Excerpts from a dataset
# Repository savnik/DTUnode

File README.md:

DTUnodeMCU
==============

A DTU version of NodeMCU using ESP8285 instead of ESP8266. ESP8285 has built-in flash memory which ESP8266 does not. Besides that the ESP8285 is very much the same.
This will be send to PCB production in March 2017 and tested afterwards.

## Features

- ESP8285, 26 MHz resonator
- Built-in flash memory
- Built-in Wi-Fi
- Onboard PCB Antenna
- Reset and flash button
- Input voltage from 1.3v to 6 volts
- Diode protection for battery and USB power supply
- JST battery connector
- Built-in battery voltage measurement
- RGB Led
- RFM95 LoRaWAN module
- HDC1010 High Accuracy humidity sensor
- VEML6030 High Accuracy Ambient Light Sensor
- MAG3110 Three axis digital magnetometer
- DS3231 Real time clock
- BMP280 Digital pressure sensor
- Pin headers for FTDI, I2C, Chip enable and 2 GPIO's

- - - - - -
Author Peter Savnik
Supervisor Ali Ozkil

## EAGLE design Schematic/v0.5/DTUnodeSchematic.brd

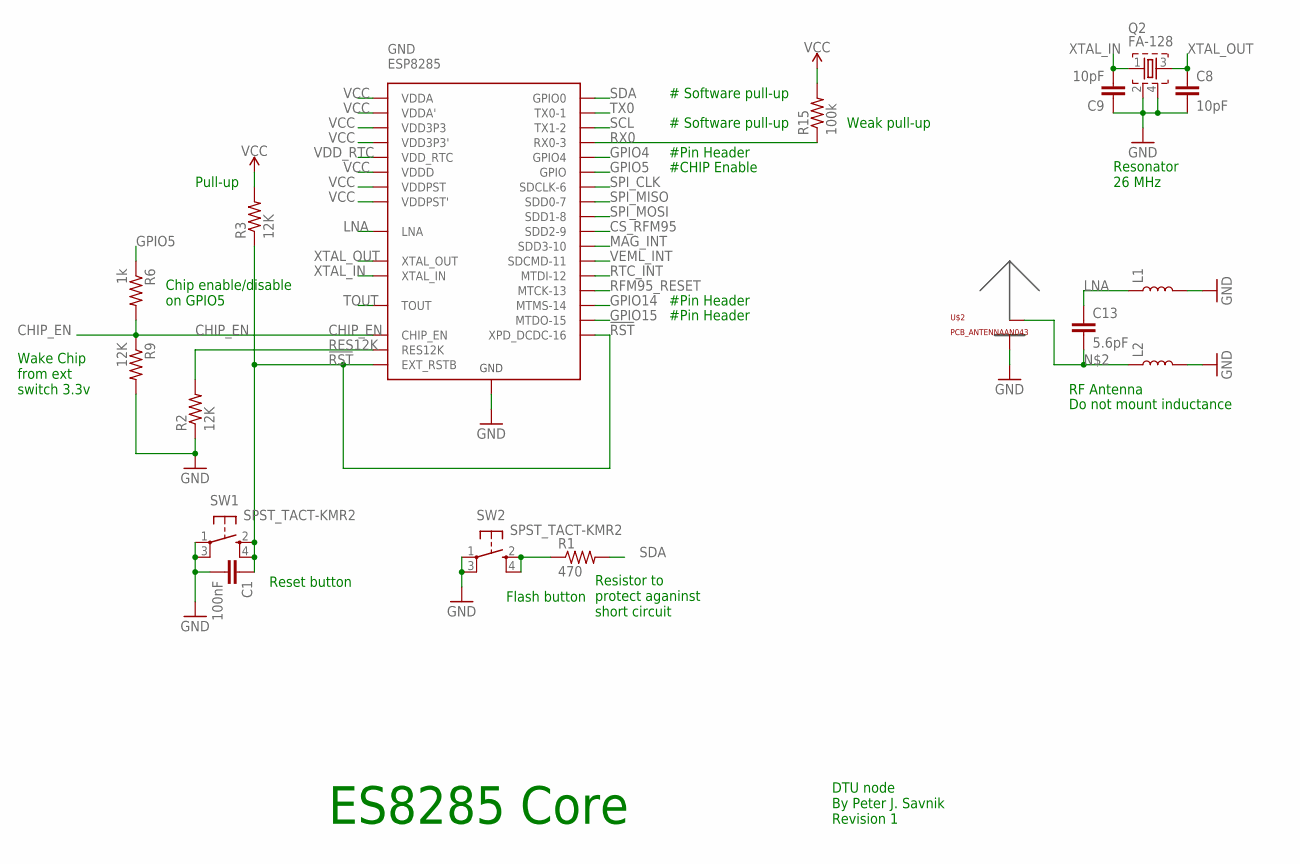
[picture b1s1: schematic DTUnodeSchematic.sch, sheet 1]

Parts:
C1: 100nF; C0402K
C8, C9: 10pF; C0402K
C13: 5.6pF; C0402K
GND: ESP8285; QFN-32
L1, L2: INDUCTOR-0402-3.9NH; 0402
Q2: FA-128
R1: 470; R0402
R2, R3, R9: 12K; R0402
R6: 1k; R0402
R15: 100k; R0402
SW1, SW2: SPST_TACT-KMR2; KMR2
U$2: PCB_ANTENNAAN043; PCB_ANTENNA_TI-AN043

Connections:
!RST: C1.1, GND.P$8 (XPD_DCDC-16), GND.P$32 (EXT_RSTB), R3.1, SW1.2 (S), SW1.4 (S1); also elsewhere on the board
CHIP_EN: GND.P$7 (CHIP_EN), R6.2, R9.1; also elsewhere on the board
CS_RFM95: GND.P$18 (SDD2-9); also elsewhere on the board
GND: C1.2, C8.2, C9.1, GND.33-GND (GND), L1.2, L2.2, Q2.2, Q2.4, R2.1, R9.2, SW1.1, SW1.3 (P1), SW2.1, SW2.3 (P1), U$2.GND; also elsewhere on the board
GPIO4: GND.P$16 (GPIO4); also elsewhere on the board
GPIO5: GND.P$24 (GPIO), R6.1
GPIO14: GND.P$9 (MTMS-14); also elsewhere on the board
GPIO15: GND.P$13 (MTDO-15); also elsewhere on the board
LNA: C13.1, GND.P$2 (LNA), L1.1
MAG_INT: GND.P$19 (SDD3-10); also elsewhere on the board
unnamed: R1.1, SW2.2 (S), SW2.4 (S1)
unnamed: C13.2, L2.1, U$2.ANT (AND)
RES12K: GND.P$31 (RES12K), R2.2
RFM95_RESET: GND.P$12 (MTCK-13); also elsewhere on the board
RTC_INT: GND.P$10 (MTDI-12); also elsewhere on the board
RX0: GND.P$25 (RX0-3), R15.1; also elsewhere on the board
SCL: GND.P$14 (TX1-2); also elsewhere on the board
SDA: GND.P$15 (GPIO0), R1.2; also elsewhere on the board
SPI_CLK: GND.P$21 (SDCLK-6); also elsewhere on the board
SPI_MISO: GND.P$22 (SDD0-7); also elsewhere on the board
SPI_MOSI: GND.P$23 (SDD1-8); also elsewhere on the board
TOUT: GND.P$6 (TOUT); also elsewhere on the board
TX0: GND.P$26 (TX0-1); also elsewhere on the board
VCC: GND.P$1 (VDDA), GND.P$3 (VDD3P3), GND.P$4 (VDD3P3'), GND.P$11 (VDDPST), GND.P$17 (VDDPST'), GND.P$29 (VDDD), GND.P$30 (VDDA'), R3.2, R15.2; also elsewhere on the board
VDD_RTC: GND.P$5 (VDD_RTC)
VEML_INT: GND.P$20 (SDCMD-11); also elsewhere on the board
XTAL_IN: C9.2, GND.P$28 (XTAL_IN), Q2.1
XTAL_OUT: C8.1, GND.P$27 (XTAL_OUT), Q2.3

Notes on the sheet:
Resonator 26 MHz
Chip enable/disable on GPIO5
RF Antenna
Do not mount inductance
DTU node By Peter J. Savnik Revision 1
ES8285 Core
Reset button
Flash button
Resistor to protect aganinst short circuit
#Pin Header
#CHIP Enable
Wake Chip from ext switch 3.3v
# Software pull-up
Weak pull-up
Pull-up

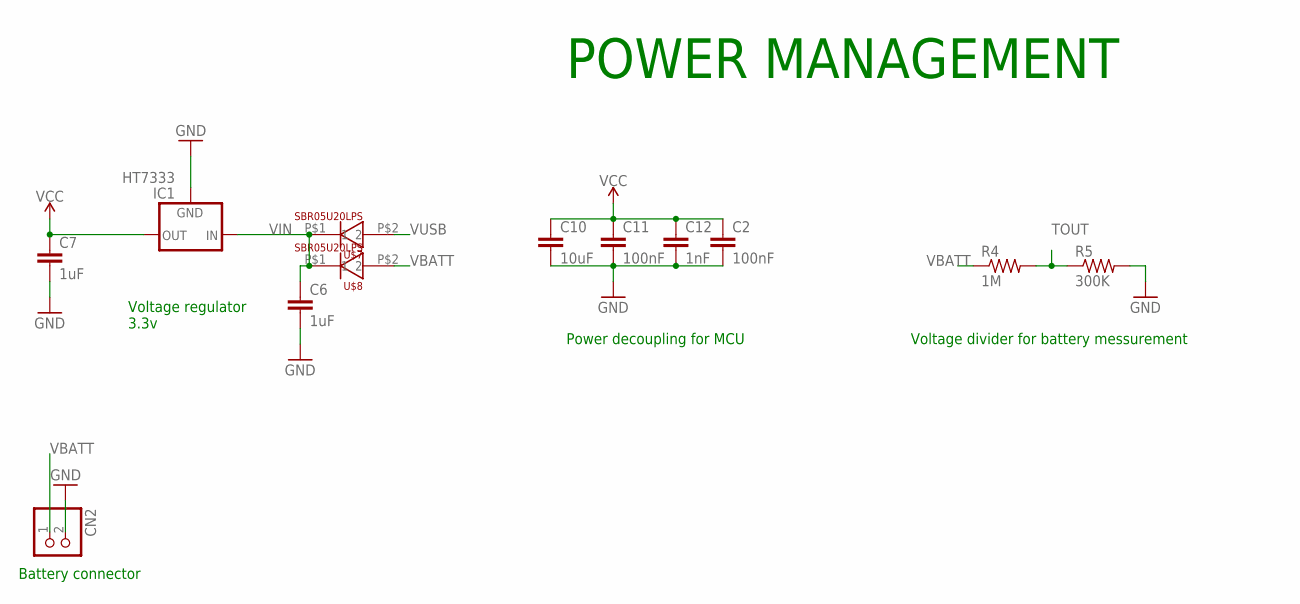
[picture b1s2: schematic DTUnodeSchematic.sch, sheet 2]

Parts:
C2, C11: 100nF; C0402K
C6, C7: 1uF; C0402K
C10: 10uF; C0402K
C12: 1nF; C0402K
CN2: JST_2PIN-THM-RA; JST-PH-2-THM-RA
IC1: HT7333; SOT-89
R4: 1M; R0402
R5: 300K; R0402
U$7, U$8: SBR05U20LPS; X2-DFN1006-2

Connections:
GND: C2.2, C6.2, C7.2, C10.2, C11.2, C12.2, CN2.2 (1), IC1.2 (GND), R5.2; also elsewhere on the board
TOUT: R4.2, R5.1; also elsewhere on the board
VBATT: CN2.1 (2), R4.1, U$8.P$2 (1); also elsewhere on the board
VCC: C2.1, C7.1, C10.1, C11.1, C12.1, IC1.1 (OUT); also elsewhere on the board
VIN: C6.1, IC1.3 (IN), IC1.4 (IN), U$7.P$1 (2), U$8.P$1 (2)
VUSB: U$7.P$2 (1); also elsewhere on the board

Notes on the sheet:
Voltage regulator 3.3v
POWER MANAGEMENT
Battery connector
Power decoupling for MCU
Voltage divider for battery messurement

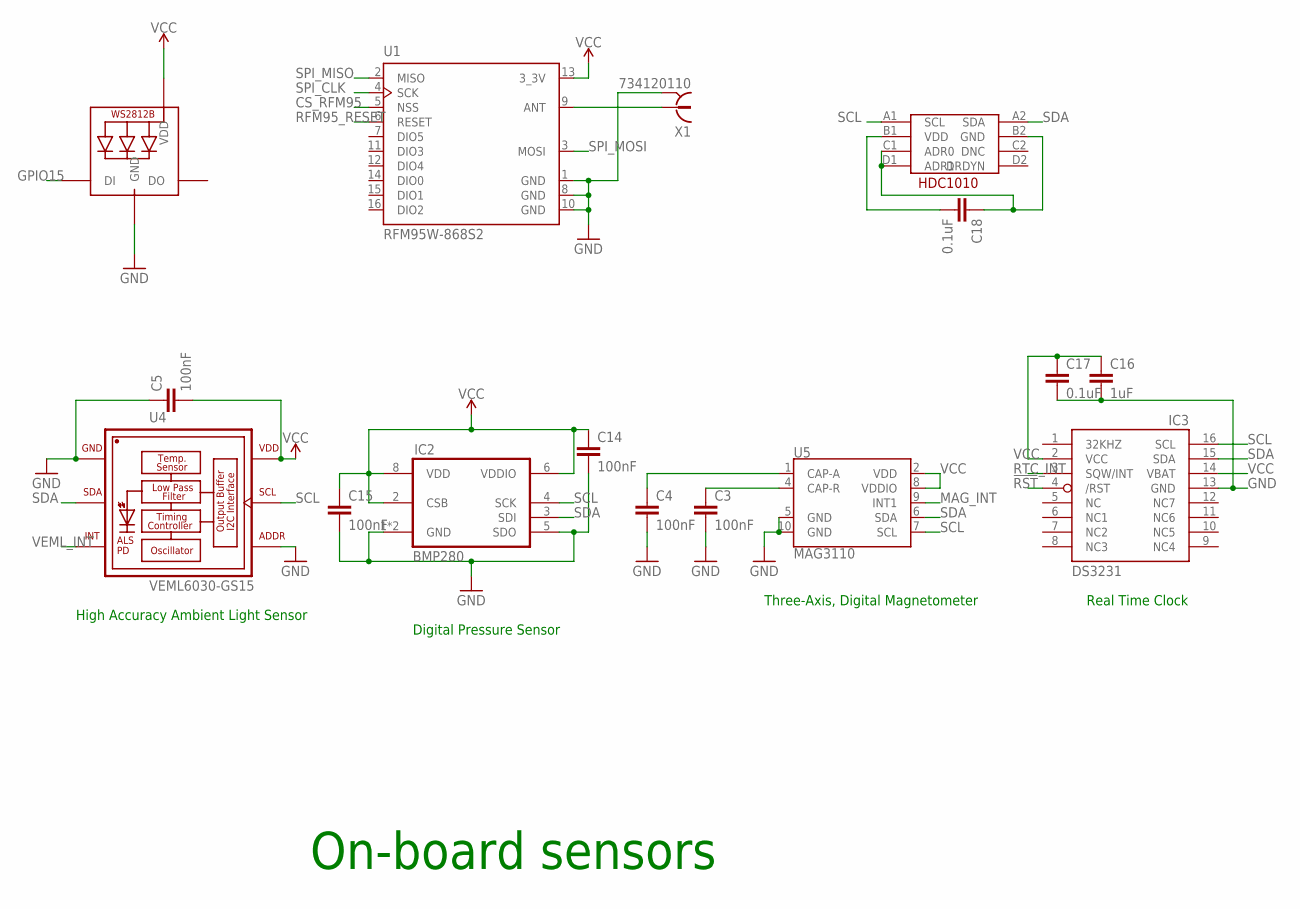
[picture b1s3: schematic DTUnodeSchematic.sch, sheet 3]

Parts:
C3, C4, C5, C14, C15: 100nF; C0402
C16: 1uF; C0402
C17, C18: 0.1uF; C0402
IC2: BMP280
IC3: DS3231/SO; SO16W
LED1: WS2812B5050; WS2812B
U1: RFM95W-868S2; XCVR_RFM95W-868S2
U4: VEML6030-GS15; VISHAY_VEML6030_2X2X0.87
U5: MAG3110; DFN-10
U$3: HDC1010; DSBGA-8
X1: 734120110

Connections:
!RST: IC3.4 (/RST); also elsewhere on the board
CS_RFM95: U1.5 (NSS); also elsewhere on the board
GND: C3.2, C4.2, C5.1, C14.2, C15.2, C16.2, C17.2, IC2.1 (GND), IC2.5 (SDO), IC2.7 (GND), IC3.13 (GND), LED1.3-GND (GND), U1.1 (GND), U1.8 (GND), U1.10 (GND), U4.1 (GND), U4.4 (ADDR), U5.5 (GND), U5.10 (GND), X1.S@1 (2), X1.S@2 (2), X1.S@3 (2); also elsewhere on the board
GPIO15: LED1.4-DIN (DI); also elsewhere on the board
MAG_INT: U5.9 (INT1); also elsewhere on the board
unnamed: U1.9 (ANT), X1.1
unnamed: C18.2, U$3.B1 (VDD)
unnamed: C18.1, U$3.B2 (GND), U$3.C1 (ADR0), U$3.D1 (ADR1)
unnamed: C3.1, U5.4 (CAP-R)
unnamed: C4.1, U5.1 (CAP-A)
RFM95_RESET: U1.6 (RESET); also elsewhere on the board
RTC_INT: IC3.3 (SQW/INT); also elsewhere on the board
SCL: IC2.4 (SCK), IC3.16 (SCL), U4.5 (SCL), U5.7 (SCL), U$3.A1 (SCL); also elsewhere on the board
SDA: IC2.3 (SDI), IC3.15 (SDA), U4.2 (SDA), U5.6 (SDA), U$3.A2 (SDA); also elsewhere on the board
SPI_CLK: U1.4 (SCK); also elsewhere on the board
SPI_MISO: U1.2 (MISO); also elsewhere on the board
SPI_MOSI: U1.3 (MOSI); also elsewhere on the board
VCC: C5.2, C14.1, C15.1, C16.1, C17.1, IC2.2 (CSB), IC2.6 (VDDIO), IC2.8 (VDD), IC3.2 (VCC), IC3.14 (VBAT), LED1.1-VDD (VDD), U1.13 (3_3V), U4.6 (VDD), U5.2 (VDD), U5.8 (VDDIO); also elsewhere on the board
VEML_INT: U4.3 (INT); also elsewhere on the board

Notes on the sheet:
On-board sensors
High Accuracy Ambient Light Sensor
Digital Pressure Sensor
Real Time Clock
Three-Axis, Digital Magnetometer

* _Instructions for the task_
From the records above, write out exactly the lines that begin at the line with "Wake Chip from ext switch 3.3v" and end at the line with "IC1: HT7333; SOT-89". Pictures must not appear in the output.

* _Solution to this exercise_
Wake Chip from ext switch 3.3v
# Software pull-up
Weak pull-up
Pull-up

[picture b1s2: schematic DTUnodeSchematic.sch, sheet 2]

Parts:
C2, C11: 100nF; C0402K
C6, C7: 1uF; C0402K
C10: 10uF; C0402K
C12: 1nF; C0402K
CN2: JST_2PIN-THM-RA; JST-PH-2-THM-RA
IC1: HT7333; SOT-89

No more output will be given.